Mr. "No Plan" plan Magic


----------



## gunrunnerjohn (Nov 10, 2010)

Picture displays fine for me Magic.

Here it is uploaded locally, perhaps you're having issues getting stuff from Photobucket?


----------



## DonR (Oct 18, 2012)

Mr. Bowtieman. May I just call you Bow?

If you are going to be running 6 axle locos and pulling those long
intermodals and auto racks you are going to want to have wide
sweeping curves 24" radius or better and it does look like you have the table for
that.

You might want to consider a single track main that basically
follows your walls if you are
going DCC. That, with passing sidings, will give you good
operating fun. You would then have all of the table space in
the center to develop your yards and spurs.

Don


----------



## BowtieMan (Jul 14, 2014)

Thanks Don, i was hoping it looked like there was enough room for those sweepers. I know in a couple areas i will have a bit tighter corners but can live with that. I am considering doing a "twice around" main. Makes me feel like the train is going somewhere when they are moving. I plan on having a grade involved to help hide the appearance of it just making two loops. 

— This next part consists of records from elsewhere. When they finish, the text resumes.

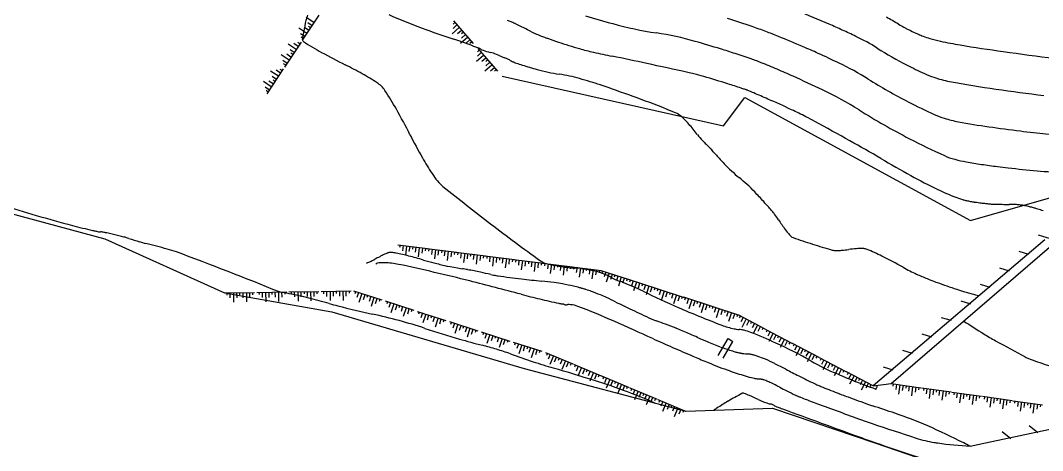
# Model space of a CAD drawing. Extents: x 0 to 560514, y 0 to 4788038.
# Drawn here: x 560254.4 to 560310.6, y 4787774.5 to 4787798.1 of the extents above; entities that cross this region are included whole.
import ezdxf

# ---------------------------------------------------------------- set-up
doc = ezdxf.new("R2010")
doc.units = 0
doc.layers.add('Nivel 7', color=7, linetype='Continuous')

msp = doc.modelspace()

# ---------------------------------------------------------------- linework, layer by layer
at = {"layer": 'Nivel 7'}
for p, q in [((560270.83, 4787798.41), (560269.92, 4787797.03)), ((560270.56, 4787798), (560270.13, 4787798.29)), ((560278.22, 4787798.09), (560279.31, 4787796.86)), ((560281.33, 4787798.06), (560281.19, 4787798.12)), ((560270.17, 4787797.41), (560269.74, 4787797.7)), ((560270.28, 4787797.57), (560270.04, 4787797.73)), ((560270.22, 4787798), (560270.46, 4787797.84)), ((560270.37, 4787797.72), (560270.26, 4787797.79)), ((560278.54, 4787797.73), (560278.15, 4787797.38)), ((560278.3, 4787798), (560278.2, 4787797.92)), ((560278.41, 4787797.87), (560278.2, 4787797.68)), ((560278.45, 4787797.4), (560278.67, 4787797.59)), ((560269.83, 4787797.41), (560270.07, 4787797.25)), ((560269.98, 4787797.13), (560269.87, 4787797.2)), ((560279.01, 4787797.2), (560278.62, 4787796.85)), ((560278.77, 4787797.47), (560278.67, 4787797.39)), ((560278.88, 4787797.34), (560278.67, 4787797.15)), ((560278.92, 4787796.87), (560279.13, 4787797.06)), ((560269.86, 4787796.93), (560268.95, 4787795.56)), ((560269.59, 4787796.53), (560269.15, 4787796.81)), ((560269.25, 4787796.53), (560269.48, 4787796.37)), ((560269.69, 4787796.69), (560269.45, 4787796.85)), ((560269.79, 4787796.83), (560269.68, 4787796.91)), ((560279.23, 4787796.94), (560279.13, 4787796.86)), ((560279.64, 4787796.48), (560279.54, 4787796.39)), ((560279.56, 4787796.57), (560280.64, 4787795.33)), ((560269.2, 4787795.94), (560268.76, 4787796.23)), ((560268.86, 4787795.94), (560269.09, 4787795.78)), ((560269.3, 4787796.1), (560269.07, 4787796.26)), ((560269.4, 4787796.25), (560269.29, 4787796.32)), ((560279.88, 4787796.2), (560279.49, 4787795.86)), ((560279.75, 4787796.35), (560279.54, 4787796.16)), ((560279.79, 4787795.88), (560280, 4787796.06)), ((560280.1, 4787795.95), (560280, 4787795.86)), ((560268.88, 4787795.46), (560267.97, 4787794.09)), ((560268.61, 4787795.06), (560268.18, 4787795.34)), ((560268.72, 4787795.22), (560268.48, 4787795.38)), ((560268.81, 4787795.36), (560268.7, 4787795.43)), ((560269.01, 4787795.66), (560268.9, 4787795.73)), ((560280.34, 4787795.67), (560279.95, 4787795.33)), ((560280.22, 4787795.82), (560280, 4787795.63)), ((560280.26, 4787795.35), (560280.47, 4787795.53)), ((560280.57, 4787795.42), (560280.47, 4787795.33)), ((560268.22, 4787794.47), (560267.79, 4787794.76)), ((560268.33, 4787794.63), (560268.09, 4787794.79)), ((560268.27, 4787795.06), (560268.51, 4787794.9)), ((560268.42, 4787794.77), (560268.32, 4787794.85)), ((560267.88, 4787794.47), (560268.12, 4787794.31)), ((560268.03, 4787794.19), (560267.93, 4787794.26)), ((560252.14, 4787787.99), (560259.08, 4787786.11)), ((560310.33, 4787786.33), (560311.05, 4787786.12)), ((560259.08, 4787786.11), (560265.66, 4787783.15)), ((560275.17, 4787785.78), (560276.8, 4787785.58)), ((560275.29, 4787785.77), (560275.27, 4787785.64)), ((560275.46, 4787785.75), (560275.42, 4787785.46)), ((560310.7, 4787786.07), (560301.28, 4787778.04)), ((560302.26, 4787778.16), (560311.09, 4787785.77)), ((560275.65, 4787785.72), (560275.59, 4787785.21)), ((560275.8, 4787785.42), (560275.84, 4787785.7)), ((560275.99, 4787785.68), (560275.97, 4787785.55)), ((560276.16, 4787785.66), (560276.12, 4787785.38)), ((560276.35, 4787785.63), (560276.29, 4787785.12)), ((560276.5, 4787785.33), (560276.54, 4787785.61)), ((560276.69, 4787785.59), (560276.67, 4787785.46)), ((560276.76, 4787785.58), (560278.39, 4787785.38)), ((560276.88, 4787785.57), (560276.86, 4787785.44)), ((560277.05, 4787785.55), (560277.02, 4787785.26)), ((560277.24, 4787785.52), (560277.18, 4787785.01)), ((560277.39, 4787785.22), (560277.43, 4787785.5)), ((560277.58, 4787785.48), (560277.56, 4787785.35)), ((560277.75, 4787785.46), (560277.72, 4787785.18)), ((560277.94, 4787785.43), (560277.88, 4787784.92)), ((560278.09, 4787785.13), (560278.13, 4787785.41)), ((560278.28, 4787785.39), (560278.26, 4787785.26)), ((560278.35, 4787785.38), (560279.98, 4787785.18)), ((560278.47, 4787785.37), (560278.45, 4787785.24)), ((560278.64, 4787785.35), (560278.61, 4787785.06)), ((560278.84, 4787785.32), (560278.77, 4787784.81)), ((560278.99, 4787785.02), (560279.02, 4787785.3)), ((560279.17, 4787785.28), (560279.15, 4787785.15)), ((560279.34, 4787785.26), (560279.31, 4787784.98)), ((560279.53, 4787785.23), (560279.47, 4787784.72)), ((560279.69, 4787784.93), (560279.72, 4787785.21)), ((560279.87, 4787785.19), (560279.86, 4787785.06)), ((560279.94, 4787785.18), (560281.57, 4787784.98)), ((560280.06, 4787785.17), (560280.05, 4787785.04)), ((560309.27, 4787785.43), (560309.81, 4787785.27)), ((560273.98, 4787784.75), (560273.98, 4787784.75)), ((560273.98, 4787784.75), (560273.99, 4787784.75)), ((560277.9, 4787784.61), (560278.04, 4787784.59)), ((560280.23, 4787785.15), (560280.2, 4787784.86)), ((560280.43, 4787785.12), (560280.36, 4787784.61)), ((560280.58, 4787784.82), (560280.61, 4787785.1)), ((560280.76, 4787785.08), (560280.75, 4787784.95)), ((560280.93, 4787785.06), (560280.9, 4787784.78)), ((560281.13, 4787785.03), (560281.06, 4787784.52)), ((560281.28, 4787784.73), (560281.31, 4787785.01)), ((560281.46, 4787784.99), (560281.45, 4787784.86)), ((560281.53, 4787784.98), (560283.17, 4787784.78)), ((560281.65, 4787784.97), (560281.64, 4787784.84)), ((560281.82, 4787784.95), (560281.79, 4787784.66)), ((560282.02, 4787784.92), (560281.95, 4787784.41)), ((560282.17, 4787784.62), (560282.2, 4787784.9)), ((560282.35, 4787784.88), (560282.34, 4787784.75)), ((560282.52, 4787784.86), (560282.49, 4787784.57)), ((560282.72, 4787784.83), (560282.65, 4787784.32)), ((560282.87, 4787784.53), (560282.9, 4787784.81)), ((560283.05, 4787784.79), (560283.04, 4787784.66)), ((560283.12, 4787784.78), (560284.76, 4787784.58)), ((560283.24, 4787784.77), (560283.23, 4787784.64)), ((560283.42, 4787784.75), (560283.38, 4787784.46)), ((560283.61, 4787784.72), (560283.54, 4787784.21)), ((560283.76, 4787784.42), (560283.79, 4787784.7)), ((560283.94, 4787784.68), (560283.93, 4787784.55)), ((560284.12, 4787784.66), (560284.08, 4787784.37)), ((560284.31, 4787784.63), (560284.24, 4787784.12)), ((560284.46, 4787784.33), (560284.49, 4787784.61)), ((560278.04, 4787784.59), (560278.44, 4787784.52)), ((560278.44, 4787784.52), (560278.71, 4787784.47)), ((560284.65, 4787784.59), (560284.63, 4787784.46)), ((560284.72, 4787784.58), (560286.35, 4787784.38)), ((560284.84, 4787784.57), (560284.82, 4787784.44)), ((560285.01, 4787784.55), (560284.97, 4787784.26)), ((560285.2, 4787784.52), (560285.13, 4787784.01)), ((560285.35, 4787784.22), (560285.39, 4787784.5)), ((560285.54, 4787784.48), (560285.52, 4787784.35)), ((560285.71, 4787784.46), (560285.67, 4787784.17)), ((560285.9, 4787784.43), (560285.83, 4787783.92)), ((560286.05, 4787784.13), (560286.09, 4787784.41)), ((560286.24, 4787784.39), (560286.22, 4787784.26)), ((560286.31, 4787784.38), (560287.87, 4787783.88)), ((560286.42, 4787784.34), (560286.38, 4787784.22)), ((560286.59, 4787784.29), (560286.5, 4787784.02)), ((560286.77, 4787784.23), (560286.61, 4787783.74)), ((560286.86, 4787783.9), (560286.95, 4787784.17)), ((560287.09, 4787784.13), (560287.05, 4787784)), ((560287.26, 4787784.07), (560287.17, 4787783.8)), ((560308.21, 4787784.53), (560308.74, 4787784.36)), ((560287.44, 4787784.02), (560287.28, 4787783.52)), ((560287.53, 4787783.69), (560287.62, 4787783.96)), ((560287.77, 4787783.91), (560287.72, 4787783.79)), ((560287.82, 4787783.89), (560289.39, 4787783.39)), ((560287.94, 4787783.86), (560287.89, 4787783.73)), ((560288.1, 4787783.8), (560288.01, 4787783.53)), ((560288.28, 4787783.74), (560288.12, 4787783.25)), ((560288.38, 4787783.42), (560288.46, 4787783.69)), ((560288.61, 4787783.64), (560288.57, 4787783.52)), ((560288.77, 4787783.59), (560288.68, 4787783.31)), ((560288.96, 4787783.53), (560288.8, 4787783.03)), ((560307.14, 4787783.62), (560307.68, 4787783.46)), ((560265.66, 4787783.15), (560267.3, 4787783.17)), ((560265.66, 4787783.15), (560271.54, 4787782.1)), ((560265.78, 4787783.15), (560265.78, 4787783.02)), ((560265.95, 4787783.15), (560265.95, 4787782.87)), ((560266.14, 4787783.15), (560266.15, 4787782.63)), ((560266.34, 4787782.87), (560266.33, 4787783.16)), ((560266.48, 4787783.16), (560266.48, 4787783.03)), ((560266.65, 4787783.16), (560266.66, 4787782.88)), ((560266.85, 4787783.17), (560266.86, 4787782.65)), ((560267.04, 4787782.88), (560267.04, 4787783.17)), ((560267.19, 4787783.17), (560267.19, 4787783.04)), ((560267.42, 4787783.17), (560269.07, 4787783.2)), ((560267.54, 4787783.18), (560267.55, 4787783.05)), ((560267.72, 4787783.18), (560267.72, 4787782.89)), ((560267.91, 4787783.18), (560267.92, 4787782.66)), ((560268.1, 4787782.9), (560268.1, 4787783.19)), ((560268.25, 4787783.19), (560268.25, 4787783.06)), ((560268.42, 4787783.19), (560268.43, 4787782.91)), ((560268.62, 4787783.19), (560268.62, 4787782.67)), ((560268.81, 4787782.91), (560268.8, 4787783.2)), ((560268.96, 4787783.2), (560268.96, 4787783.07)), ((560269.19, 4787783.2), (560270.84, 4787783.23)), ((560269.31, 4787783.21), (560269.31, 4787783.08)), ((560269.48, 4787783.21), (560269.49, 4787782.92)), ((560269.68, 4787783.21), (560269.69, 4787782.69)), ((560269.87, 4787782.93), (560269.87, 4787783.22)), ((560270.02, 4787783.22), (560270.02, 4787783.09)), ((560270.19, 4787783.22), (560270.19, 4787782.94)), ((560270.38, 4787783.22), (560270.39, 4787782.7)), ((560270.58, 4787782.94), (560270.57, 4787783.23)), ((560270.72, 4787783.23), (560270.73, 4787783.1)), ((560270.96, 4787783.23), (560272.6, 4787783.26)), ((560271.08, 4787783.24), (560271.08, 4787783.1)), ((560271.25, 4787783.24), (560271.26, 4787782.95)), ((560271.45, 4787783.24), (560271.45, 4787782.72)), ((560271.64, 4787782.96), (560271.63, 4787783.24)), ((560271.78, 4787783.25), (560271.79, 4787783.12)), ((560271.96, 4787783.25), (560271.96, 4787782.96)), ((560272.15, 4787783.25), (560272.16, 4787782.73)), ((560272.34, 4787782.97), (560272.34, 4787783.26)), ((560272.49, 4787783.26), (560272.49, 4787783.13)), ((560272.73, 4787783.26), (560274.29, 4787782.76)), ((560272.84, 4787783.23), (560272.8, 4787783.1)), ((560273.01, 4787783.17), (560272.92, 4787782.9)), ((560273.19, 4787783.11), (560273.03, 4787782.62)), ((560273.28, 4787782.79), (560273.37, 4787783.06)), ((560273.51, 4787783.01), (560273.47, 4787782.89)), ((560273.68, 4787782.96), (560273.59, 4787782.68)), ((560289.05, 4787783.2), (560289.13, 4787783.47)), ((560289.28, 4787783.42), (560289.24, 4787783.3)), ((560289.33, 4787783.4), (560290.9, 4787782.9)), ((560289.45, 4787783.37), (560289.41, 4787783.24)), ((560289.61, 4787783.31), (560289.52, 4787783.04)), ((560289.8, 4787783.25), (560289.64, 4787782.76)), ((560289.89, 4787782.93), (560289.98, 4787783.2)), ((560290.12, 4787783.15), (560290.08, 4787783.03)), ((560290.28, 4787783.1), (560290.2, 4787782.83)), ((560290.47, 4787783.04), (560290.31, 4787782.54)), ((560290.56, 4787782.71), (560290.65, 4787782.98)), ((560290.79, 4787782.93), (560290.75, 4787782.81)), ((560290.85, 4787782.92), (560292.41, 4787782.41)), ((560273.86, 4787782.9), (560273.7, 4787782.4)), ((560273.95, 4787782.57), (560274.04, 4787782.84)), ((560274.19, 4787782.79), (560274.15, 4787782.67)), ((560274.48, 4787782.7), (560276.05, 4787782.19)), ((560274.6, 4787782.66), (560274.56, 4787782.54)), ((560274.76, 4787782.61), (560274.68, 4787782.34)), ((560274.95, 4787782.55), (560274.79, 4787782.05)), ((560275.04, 4787782.22), (560275.13, 4787782.49)), ((560275.27, 4787782.44), (560275.23, 4787782.32)), ((560275.43, 4787782.39), (560275.35, 4787782.12)), ((560284.44, 4787782.48), (560284.44, 4787782.48)), ((560290.96, 4787782.88), (560290.92, 4787782.75)), ((560291.13, 4787782.83), (560291.04, 4787782.55)), ((560291.31, 4787782.77), (560291.15, 4787782.27)), ((560291.4, 4787782.44), (560291.49, 4787782.71)), ((560291.63, 4787782.66), (560291.59, 4787782.54)), ((560291.8, 4787782.61), (560291.71, 4787782.34)), ((560291.98, 4787782.55), (560291.82, 4787782.05)), ((560292.07, 4787782.22), (560292.16, 4787782.49)), ((560292.3, 4787782.44), (560292.26, 4787782.32)), ((560292.36, 4787782.43), (560293.92, 4787781.92)), ((560292.47, 4787782.39), (560292.43, 4787782.27)), ((560306.08, 4787782.71), (560306.61, 4787782.55)), ((560271.54, 4787782.1), (560282.11, 4787778.99)), ((560275.62, 4787782.33), (560275.46, 4787781.84)), ((560275.71, 4787782), (560275.8, 4787782.27)), ((560275.94, 4787782.23), (560275.9, 4787782.1)), ((560276.24, 4787782.13), (560277.81, 4787781.63)), ((560276.35, 4787782.1), (560276.31, 4787781.97)), ((560276.52, 4787782.04), (560276.43, 4787781.77)), ((560276.7, 4787781.98), (560276.54, 4787781.49)), ((560276.8, 4787781.66), (560276.88, 4787781.93)), ((560277.03, 4787781.88), (560276.99, 4787781.76)), ((560277.19, 4787781.83), (560277.1, 4787781.56)), ((560292.64, 4787782.34), (560292.55, 4787782.07)), ((560292.82, 4787782.28), (560292.66, 4787781.78)), ((560292.92, 4787781.95), (560293, 4787782.22)), ((560293.15, 4787782.17), (560293.11, 4787782.05)), ((560293.31, 4787782.12), (560293.22, 4787781.85)), ((560293.49, 4787782.06), (560293.33, 4787781.57)), ((560293.59, 4787781.73), (560293.67, 4787782)), ((560293.82, 4787781.96), (560293.78, 4787781.83)), ((560293.87, 4787781.94), (560295.33, 4787781.17)), ((560293.98, 4787781.88), (560293.92, 4787781.77)), ((560294.13, 4787781.8), (560294, 4787781.55)), ((560305.01, 4787781.8), (560305.55, 4787781.64)), ((560277.38, 4787781.77), (560277.22, 4787781.27)), ((560277.47, 4787781.44), (560277.55, 4787781.71)), ((560277.7, 4787781.66), (560277.66, 4787781.54)), ((560278, 4787781.57), (560279.56, 4787781.06)), ((560278.11, 4787781.53), (560278.07, 4787781.41)), ((560278.28, 4787781.48), (560278.19, 4787781.21)), ((560278.46, 4787781.42), (560278.3, 4787780.92)), ((560278.55, 4787781.09), (560278.64, 4787781.36)), ((560278.78, 4787781.32), (560278.74, 4787781.19)), ((560278.95, 4787781.26), (560278.86, 4787780.99)), ((560294.3, 4787781.71), (560294.06, 4787781.25)), ((560294.34, 4787781.37), (560294.47, 4787781.62)), ((560294.6, 4787781.55), (560294.54, 4787781.44)), ((560294.76, 4787781.47), (560294.62, 4787781.22)), ((560294.93, 4787781.38), (560294.69, 4787780.92)), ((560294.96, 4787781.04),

I am also considering making a peninsula instead of the current setup. Ill play around with xtrackcad some and see where it takes me.


----------



## DonR (Oct 18, 2012)

I have a peninsula in my room size layout which is
about the same as yours. The most I could do with
it is a back-in 2 track passenger station that is on
one tail of my wye which is also there. The problem
is trying to stay away from those too tight radii
I have an industry spur track that requires a loco
to pull into the station in order to get to the spur.
Awkward, but that's the way the wheels turn.

Further, it made for very little room to wiggle
your self around. I like the way it operates
but wish I had more room.

Don


----------



## Big Ed (Jun 16, 2009)

May I say......that you might want to incorporate either a drop down access or a lift up.
It only has to be as wide as you are. Ducking under gets old over time and since your starting new now is better then later to add one. Not that hard to do.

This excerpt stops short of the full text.